Wednesday, May 28, 2008

Politically not-acceptable

Richard Alford, Former Fed Economist:
"Asking what should have been done in 1996 or 2000 is a tough enough question because the imbalances were all smaller, but today by comparison we have serious problems. Politically and economically, there is no painless solution to the imbalances in the US. For US policymakers, it seems that even short-term pain is intolerable. Nobody in Washington wants to bite the bullet and explain the full dimension of the required change to the US electorate, so we muddle. Going back to the early 1990s, US politicians have bought support from the voters by keeping consumption on an ever rising trajectory. For at least 12 years, we've had debt induced increases in consumption and the political class optimized their behavior to maintaining that illusion of rising consumption even as the economic fundamentals worsened."

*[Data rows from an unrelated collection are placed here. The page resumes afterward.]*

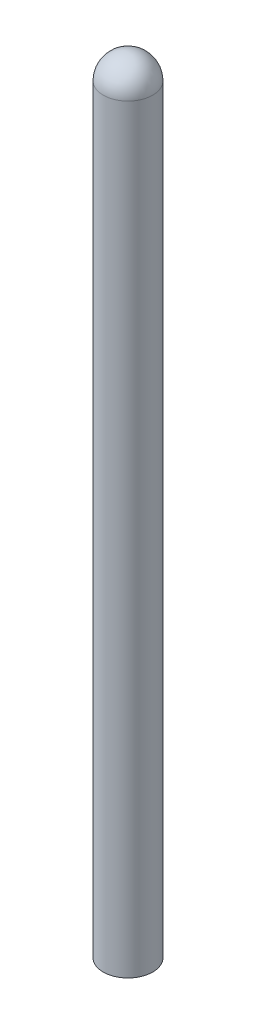
ISO-10303-21;
HEADER;
FILE_DESCRIPTION(('STEP AP214'),'2;1');
FILE_NAME('part.step','',(''),(''),'','','');
FILE_SCHEMA(('AUTOMOTIVE_DESIGN { 1 0 10303 214 1 1 1 1 }'));
ENDSEC;
DATA;
#1=APPLICATION_CONTEXT('core data for automotive mechanical design processes');
#2=APPLICATION_PROTOCOL_DEFINITION('international standard','automotive_design',2000,#1);
#3=PRODUCT_CONTEXT('',#1,'mechanical');
#4=PRODUCT('Part','Part','',(#3));
#5=PRODUCT_RELATED_PRODUCT_CATEGORY('part','',(#4));
#6=PRODUCT_DEFINITION_FORMATION('','',#4);
#7=PRODUCT_DEFINITION_CONTEXT('part definition',#1,'design');
#8=PRODUCT_DEFINITION('design','',#6,#7);
#9=PRODUCT_DEFINITION_SHAPE('','',#8);
#10=(LENGTH_UNIT() NAMED_UNIT(*) SI_UNIT(.MILLI.,.METRE.));
#11=(NAMED_UNIT(*) PLANE_ANGLE_UNIT() SI_UNIT($,.RADIAN.));
#12=(NAMED_UNIT(*) SI_UNIT($,.STERADIAN.) SOLID_ANGLE_UNIT());
#13=UNCERTAINTY_MEASURE_WITH_UNIT(LENGTH_MEASURE(1.E-05),#10,'distance_accuracy_value','');
#14=(GEOMETRIC_REPRESENTATION_CONTEXT(3) GLOBAL_UNCERTAINTY_ASSIGNED_CONTEXT((#13)) GLOBAL_UNIT_ASSIGNED_CONTEXT((#10,
#11,#12)) REPRESENTATION_CONTEXT('',''));
#15=CARTESIAN_POINT('',(0.,0.,0.));
#16=DIRECTION('',(0.,0.,1.));
#17=DIRECTION('',(1.,0.,0.));
#18=AXIS2_PLACEMENT_3D('',#15,#16,#17);
#19=CARTESIAN_POINT('',(0.,23.,0.));
#20=DIRECTION('',(0.,-1.,0.));
#21=DIRECTION('',(0.,0.,-1.));
#22=AXIS2_PLACEMENT_3D('',#19,#20,#21);
#23=CYLINDRICAL_SURFACE('',#22,0.75);
#24=CARTESIAN_POINT('',(0.,23.,0.));
#25=DIRECTION('',(0.,1.,0.));
#26=DIRECTION('',(0.,0.,1.));
#27=AXIS2_PLACEMENT_3D('',#24,#25,#26);
#28=CIRCLE('',#27,0.75);
#29=CARTESIAN_POINT('',(0.,23.,0.75));
#30=VERTEX_POINT('',#29);
#31=EDGE_CURVE('E10',#30,#30,#28,.T.);
#32=ORIENTED_EDGE('',*,*,#31,.F.);
#33=EDGE_LOOP('',(#32));
#34=FACE_BOUND('',#33,.T.);
#35=CARTESIAN_POINT('',(0.,0.,0.));
#36=DIRECTION('',(0.,1.,0.));
#37=DIRECTION('',(0.,0.,1.));
#38=AXIS2_PLACEMENT_3D('',#35,#36,#37);
#39=CIRCLE('',#38,0.75);
#40=CARTESIAN_POINT('',(0.,0.,0.75));
#41=VERTEX_POINT('',#40);
#42=EDGE_CURVE('E35',#41,#41,#39,.T.);
#43=ORIENTED_EDGE('',*,*,#42,.T.);
#44=EDGE_LOOP('',(#43));
#45=FACE_BOUND('',#44,.T.);
#46=ADVANCED_FACE('F32',(#34,#45),#23,.T.);
#47=CARTESIAN_POINT('',(0.,0.,0.));
#48=DIRECTION('',(0.,1.,0.));
#49=DIRECTION('',(0.,0.,1.));
#50=AXIS2_PLACEMENT_3D('',#47,#48,#49);
#51=PLANE('',#50);
#52=ORIENTED_EDGE('',*,*,#42,.F.);
#53=EDGE_LOOP('',(#52));
#54=FACE_BOUND('',#53,.T.);
#55=ADVANCED_FACE('F45',(#54),#51,.F.);
#56=CARTESIAN_POINT('',(0.,23.,0.));
#57=DIRECTION('',(0.,1.,0.));
#58=DIRECTION('',(0.,0.,-1.));
#59=AXIS2_PLACEMENT_3D('',#56,#57,#58);
#60=SPHERICAL_SURFACE('',#59,0.750000000000001);
#61=ORIENTED_EDGE('',*,*,#31,.T.);
#62=EDGE_LOOP('',(#61));
#63=FACE_BOUND('',#62,.T.);
#64=ADVANCED_FACE('F47',(#63),#60,.T.);
#65=CLOSED_SHELL('',(#46,#55,#64));
#66=MANIFOLD_SOLID_BREP('B2',#65);
#67=ADVANCED_BREP_SHAPE_REPRESENTATION('',(#18,#66),#14);
#68=SHAPE_DEFINITION_REPRESENTATION(#9,#67);
ENDSEC;
END-ISO-10303-21;

"The US population is not ready to hear that their real levels of income, assets prices and other indicia of national well being may be falling or relatively stagnant for the foreseeable future. This is just politically not acceptable. So our politicians will attempt to maintain the appearance of growth, but not address the underlying causes. Devaluing the dollar alone is not going to correct the issue. World financial markets would destabilize if they perceived that the dollar was about to depreciation enough to restore the US to external balance. They still believe that it will never happen."

There's something annoying about the whole arrogant ego-wanking of posing as a truth-teller and criticizing politicians as cowardly for not knowing what to do, when the problem is that no one knows what to do. When the economists cannot outline a good solution, politicians muddle through, because muddling through is generally best when you don't know what to do. Alford admits he would consider what to do in 2000, before Bush made the whole set of problems an order of magnitude worse, a difficult problem. So, if you separate out the arrogant, self-indulgent crap, you are left with a stark assessment of how bad a fix past policy has gotten us into.

Now there is political cowardice, and then there is political cowardice, and Alford, no doubt, knows who butters his own bread, and is not going to focus, say, on massively raising taxes of very wealthy people, although that is clearly called for, in the circumstances. But, that's not my point, really.

Bad policy brings bad results, and that is the basis for expecting a political storm when a President and a Congress embark on particularly bad policy. Now, we are working through the bad results, and the United States is a bad place, with few really good options.